*WORK TO COMPLETE*: The complete listing below should be transcribed precisely.

*RECORDS FOR THE TASK*:
━━━

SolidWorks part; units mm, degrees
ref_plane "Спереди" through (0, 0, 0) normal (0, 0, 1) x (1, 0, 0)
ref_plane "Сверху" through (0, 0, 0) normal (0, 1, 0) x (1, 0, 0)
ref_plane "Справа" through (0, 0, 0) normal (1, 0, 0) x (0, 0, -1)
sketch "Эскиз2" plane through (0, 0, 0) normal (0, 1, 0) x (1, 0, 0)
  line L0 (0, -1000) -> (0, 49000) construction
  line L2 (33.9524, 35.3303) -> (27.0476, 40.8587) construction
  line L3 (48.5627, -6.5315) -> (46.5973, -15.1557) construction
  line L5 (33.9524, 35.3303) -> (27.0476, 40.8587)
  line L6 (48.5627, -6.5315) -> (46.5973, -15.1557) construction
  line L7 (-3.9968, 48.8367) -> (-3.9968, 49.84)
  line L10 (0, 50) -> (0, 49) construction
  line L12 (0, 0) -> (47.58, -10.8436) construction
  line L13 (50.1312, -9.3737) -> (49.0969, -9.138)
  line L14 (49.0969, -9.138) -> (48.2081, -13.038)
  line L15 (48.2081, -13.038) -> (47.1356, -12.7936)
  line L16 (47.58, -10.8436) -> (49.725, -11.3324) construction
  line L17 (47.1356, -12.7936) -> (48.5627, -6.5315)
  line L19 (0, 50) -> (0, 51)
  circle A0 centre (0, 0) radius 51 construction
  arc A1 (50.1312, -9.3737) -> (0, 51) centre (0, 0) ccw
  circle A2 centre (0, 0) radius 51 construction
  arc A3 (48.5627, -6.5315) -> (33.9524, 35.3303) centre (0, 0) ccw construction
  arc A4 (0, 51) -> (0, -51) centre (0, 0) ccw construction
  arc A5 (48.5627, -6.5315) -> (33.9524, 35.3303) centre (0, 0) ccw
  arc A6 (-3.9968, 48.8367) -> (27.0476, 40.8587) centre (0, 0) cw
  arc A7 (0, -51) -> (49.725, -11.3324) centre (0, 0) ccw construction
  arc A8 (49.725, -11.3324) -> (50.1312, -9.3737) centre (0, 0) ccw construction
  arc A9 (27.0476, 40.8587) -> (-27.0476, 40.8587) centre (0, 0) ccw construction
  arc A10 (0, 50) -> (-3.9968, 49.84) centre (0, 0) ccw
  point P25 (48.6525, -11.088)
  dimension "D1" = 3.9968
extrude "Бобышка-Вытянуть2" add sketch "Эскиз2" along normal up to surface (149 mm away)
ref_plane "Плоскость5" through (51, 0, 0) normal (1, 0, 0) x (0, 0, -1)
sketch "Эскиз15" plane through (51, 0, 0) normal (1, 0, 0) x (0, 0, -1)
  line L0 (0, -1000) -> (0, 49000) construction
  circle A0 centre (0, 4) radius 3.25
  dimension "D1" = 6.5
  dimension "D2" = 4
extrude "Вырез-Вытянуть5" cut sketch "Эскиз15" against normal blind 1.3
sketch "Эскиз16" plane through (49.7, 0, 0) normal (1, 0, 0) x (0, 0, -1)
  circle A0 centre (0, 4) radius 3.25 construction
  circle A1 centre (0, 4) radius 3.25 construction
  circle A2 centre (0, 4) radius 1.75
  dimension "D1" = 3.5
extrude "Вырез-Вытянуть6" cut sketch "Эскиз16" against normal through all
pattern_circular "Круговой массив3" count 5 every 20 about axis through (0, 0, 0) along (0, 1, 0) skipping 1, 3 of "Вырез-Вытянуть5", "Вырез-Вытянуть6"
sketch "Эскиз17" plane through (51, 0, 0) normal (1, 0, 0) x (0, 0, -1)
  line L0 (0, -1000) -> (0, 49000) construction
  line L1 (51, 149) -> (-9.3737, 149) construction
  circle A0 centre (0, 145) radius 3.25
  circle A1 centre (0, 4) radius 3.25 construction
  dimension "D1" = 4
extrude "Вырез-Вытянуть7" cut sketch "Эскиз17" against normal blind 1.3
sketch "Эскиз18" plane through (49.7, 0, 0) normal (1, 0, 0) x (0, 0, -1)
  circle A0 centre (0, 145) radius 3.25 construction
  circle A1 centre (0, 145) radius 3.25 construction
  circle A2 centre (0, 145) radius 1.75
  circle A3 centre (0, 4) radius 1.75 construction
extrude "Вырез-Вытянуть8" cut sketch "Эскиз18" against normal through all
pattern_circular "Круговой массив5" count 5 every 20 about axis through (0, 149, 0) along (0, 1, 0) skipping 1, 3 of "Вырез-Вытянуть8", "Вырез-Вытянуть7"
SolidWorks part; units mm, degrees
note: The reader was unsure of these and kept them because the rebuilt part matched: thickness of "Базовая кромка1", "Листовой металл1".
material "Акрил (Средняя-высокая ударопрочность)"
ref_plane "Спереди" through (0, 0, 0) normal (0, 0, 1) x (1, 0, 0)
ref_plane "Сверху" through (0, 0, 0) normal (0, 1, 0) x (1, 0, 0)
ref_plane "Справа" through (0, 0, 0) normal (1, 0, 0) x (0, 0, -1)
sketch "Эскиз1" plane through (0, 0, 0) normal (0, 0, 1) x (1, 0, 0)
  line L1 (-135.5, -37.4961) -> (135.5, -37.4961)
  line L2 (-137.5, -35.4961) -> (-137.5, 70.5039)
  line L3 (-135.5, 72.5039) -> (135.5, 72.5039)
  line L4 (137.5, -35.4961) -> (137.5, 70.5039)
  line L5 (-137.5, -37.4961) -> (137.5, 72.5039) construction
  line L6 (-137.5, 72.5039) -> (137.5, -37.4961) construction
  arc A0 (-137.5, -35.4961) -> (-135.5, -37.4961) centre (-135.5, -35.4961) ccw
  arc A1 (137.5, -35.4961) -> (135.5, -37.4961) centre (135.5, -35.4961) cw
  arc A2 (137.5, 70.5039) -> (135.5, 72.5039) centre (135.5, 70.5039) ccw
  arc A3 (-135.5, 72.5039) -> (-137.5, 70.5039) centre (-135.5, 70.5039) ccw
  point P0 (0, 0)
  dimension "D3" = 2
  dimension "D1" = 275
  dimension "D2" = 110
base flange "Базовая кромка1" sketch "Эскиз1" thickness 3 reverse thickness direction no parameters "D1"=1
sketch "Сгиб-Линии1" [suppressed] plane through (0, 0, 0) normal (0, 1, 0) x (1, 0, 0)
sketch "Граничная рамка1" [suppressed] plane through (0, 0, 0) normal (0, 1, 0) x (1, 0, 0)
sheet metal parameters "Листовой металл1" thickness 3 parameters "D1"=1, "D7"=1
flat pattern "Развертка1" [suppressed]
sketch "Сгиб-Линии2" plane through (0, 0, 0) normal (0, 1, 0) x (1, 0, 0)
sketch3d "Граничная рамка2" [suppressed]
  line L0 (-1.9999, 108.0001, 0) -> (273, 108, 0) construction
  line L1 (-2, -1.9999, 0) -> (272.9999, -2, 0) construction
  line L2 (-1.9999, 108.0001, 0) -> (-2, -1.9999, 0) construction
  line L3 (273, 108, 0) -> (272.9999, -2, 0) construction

━━━

*EXERCISE OUTPUT*:
SolidWorks part; units mm, degrees
ref_plane "Спереди" through (0, 0, 0) normal (0, 0, 1) x (1, 0, 0)
ref_plane "Сверху" through (0, 0, 0) normal (0, 1, 0) x (1, 0, 0)
ref_plane "Справа" through (0, 0, 0) normal (1, 0, 0) x (0, 0, -1)
sketch "Эскиз2" plane through (0, 0, 0) normal (0, 1, 0) x (1, 0, 0)
  line L0 (0, -1000) -> (0, 49000) construction
  line L2 (33.9524, 35.3303) -> (27.0476, 40.8587) construction
  line L3 (48.5627, -6.5315) -> (46.5973, -15.1557) construction
  line L5 (33.9524, 35.3303) -> (27.0476, 40.8587)
  line L6 (48.5627, -6.5315) -> (46.5973, -15.1557) construction
  line L7 (-3.9968, 48.8367) -> (-3.9968, 49.84)
  line L10 (0, 50) -> (0, 49) construction
  line L12 (0, 0) -> (47.58, -10.8436) construction
  line L13 (50.1312, -9.3737) -> (49.0969, -9.138)
  line L14 (49.0969, -9.138) -> (48.2081, -13.038)
  line L15 (48.2081, -13.038) -> (47.1356, -12.7936)
  line L16 (47.58, -10.8436) -> (49.725, -11.3324) construction
  line L17 (47.1356, -12.7936) -> (48.5627, -6.5315)
  line L19 (0, 50) -> (0, 51)
  circle A0 centre (0, 0) radius 51 construction
  arc A1 (50.1312, -9.3737) -> (0, 51) centre (0, 0) ccw
  circle A2 centre (0, 0) radius 51 construction
  arc A3 (48.5627, -6.5315) -> (33.9524, 35.3303) centre (0, 0) ccw construction
  arc A4 (0, 51) -> (0, -51) centre (0, 0) ccw construction
  arc A5 (48.5627, -6.5315) -> (33.9524, 35.3303) centre (0, 0) ccw
  arc A6 (-3.9968, 48.8367) -> (27.0476, 40.8587) centre (0, 0) cw
  arc A7 (0, -51) -> (49.725, -11.3324) centre (0, 0) ccw construction
  arc A8 (49.725, -11.3324) -> (50.1312, -9.3737) centre (0, 0) ccw construction
  arc A9 (27.0476, 40.8587) -> (-27.0476, 40.8587) centre (0, 0) ccw construction
  arc A10 (0, 50) -> (-3.9968, 49.84) centre (0, 0) ccw
  point P25 (48.6525, -11.088)
  dimension "D1" = 3.9968
extrude "Бобышка-Вытянуть2" add sketch "Эскиз2" along normal up to surface (149 mm away)
ref_plane "Плоскость5" through (51, 0, 0) normal (1, 0, 0) x (0, 0, -1)
sketch "Эскиз15" plane through (51, 0, 0) normal (1, 0, 0) x (0, 0, -1)
  line L0 (0, -1000) -> (0, 49000) construction
  circle A0 centre (0, 4) radius 3.25
  dimension "D1" = 6.5
  dimension "D2" = 4
extrude "Вырез-Вытянуть5" cut sketch "Эскиз15" against normal blind 1.3
sketch "Эскиз16" plane through (49.7, 0, 0) normal (1, 0, 0) x (0, 0, -1)
  circle A0 centre (0, 4) radius 3.25 construction
  circle A1 centre (0, 4) radius 3.25 construction
  circle A2 centre (0, 4) radius 1.75
  dimension "D1" = 3.5
extrude "Вырез-Вытянуть6" cut sketch "Эскиз16" against normal through all
pattern_circular "Круговой массив3" count 5 every 20 about axis through (0, 0, 0) along (0, 1, 0) skipping 1, 3 of "Вырез-Вытянуть5", "Вырез-Вытянуть6"
sketch "Эскиз17" plane through (51, 0, 0) normal (1, 0, 0) x (0, 0, -1)
  line L0 (0, -1000) -> (0, 49000) construction
  line L1 (51, 149) -> (-9.3737, 149) construction
  circle A0 centre (0, 145) radius 3.25
  circle A1 centre (0, 4) radius 3.25 construction
  dimension "D1" = 4
extrude "Вырез-Вытянуть7" cut sketch "Эскиз17" against normal blind 1.3
sketch "Эскиз18" plane through (49.7, 0, 0) normal (1, 0, 0) x (0, 0, -1)
  circle A0 centre (0, 145) radius 3.25 construction
  circle A1 centre (0, 145) radius 3.25 construction
  circle A2 centre (0, 145) radius 1.75
  circle A3 centre (0, 4) radius 1.75 construction
extrude "Вырез-Вытянуть8" cut sketch "Эскиз18" against normal through all
pattern_circular "Круговой массив5" count 5 every 20 about axis through (0, 149, 0) along (0, 1, 0) skipping 1, 3 of "Вырез-Вытянуть8", "Вырез-Вытянуть7"
SolidWorks part; units mm, degrees
note: The reader was unsure of these and kept them because the rebuilt part matched: thickness of "Базовая кромка1", "Листовой металл1".
material "Акрил (Средняя-высокая ударопрочность)"
ref_plane "Спереди" through (0, 0, 0) normal (0, 0, 1) x (1, 0, 0)
ref_plane "Сверху" through (0, 0, 0) normal (0, 1, 0) x (1, 0, 0)
ref_plane "Справа" through (0, 0, 0) normal (1, 0, 0) x (0, 0, -1)
sketch "Эскиз1" plane through (0, 0, 0) normal (0, 0, 1) x (1, 0, 0)
  line L1 (-135.5, -37.4961) -> (135.5, -37.4961)
  line L2 (-137.5, -35.4961) -> (-137.5, 70.5039)
  line L3 (-135.5, 72.5039) -> (135.5, 72.5039)
  line L4 (137.5, -35.4961) -> (137.5, 70.5039)
  line L5 (-137.5, -37.4961) -> (137.5, 72.5039) construction
  line L6 (-137.5, 72.5039) -> (137.5, -37.4961) construction
  arc A0 (-137.5, -35.4961) -> (-135.5, -37.4961) centre (-135.5, -35.4961) ccw
  arc A1 (137.5, -35.4961) -> (135.5, -37.4961) centre (135.5, -35.4961) cw
  arc A2 (137.5, 70.5039) -> (135.5, 72.5039) centre (135.5, 70.5039) ccw
  arc A3 (-135.5, 72.5039) -> (-137.5, 70.5039) centre (-135.5, 70.5039) ccw
  point P0 (0, 0)
  dimension "D3" = 2
  dimension "D1" = 275
  dimension "D2" = 110
base flange "Базовая кромка1" sketch "Эскиз1" thickness 3 reverse thickness direction no parameters "D1"=1
sketch "Сгиб-Линии1" [suppressed] plane through (0, 0, 0) normal (0, 1, 0) x (1, 0, 0)
sketch "Граничная рамка1" [suppressed] plane through (0, 0, 0) normal (0, 1, 0) x (1, 0, 0)
sheet metal parameters "Листовой металл1" thickness 3 parameters "D1"=1, "D7"=1
flat pattern "Развертка1" [suppressed]
sketch "Сгиб-Линии2" plane through (0, 0, 0) normal (0, 1, 0) x (1, 0, 0)
sketch3d "Граничная рамка2" [suppressed]
  line L0 (-1.9999, 108.0001, 0) -> (273, 108, 0) construction
  line L1 (-2, -1.9999, 0) -> (272.9999, -2, 0) construction
  line L2 (-1.9999, 108.0001, 0) -> (-2, -1.9999, 0) construction
  line L3 (273, 108, 0) -> (272.9999, -2, 0) construction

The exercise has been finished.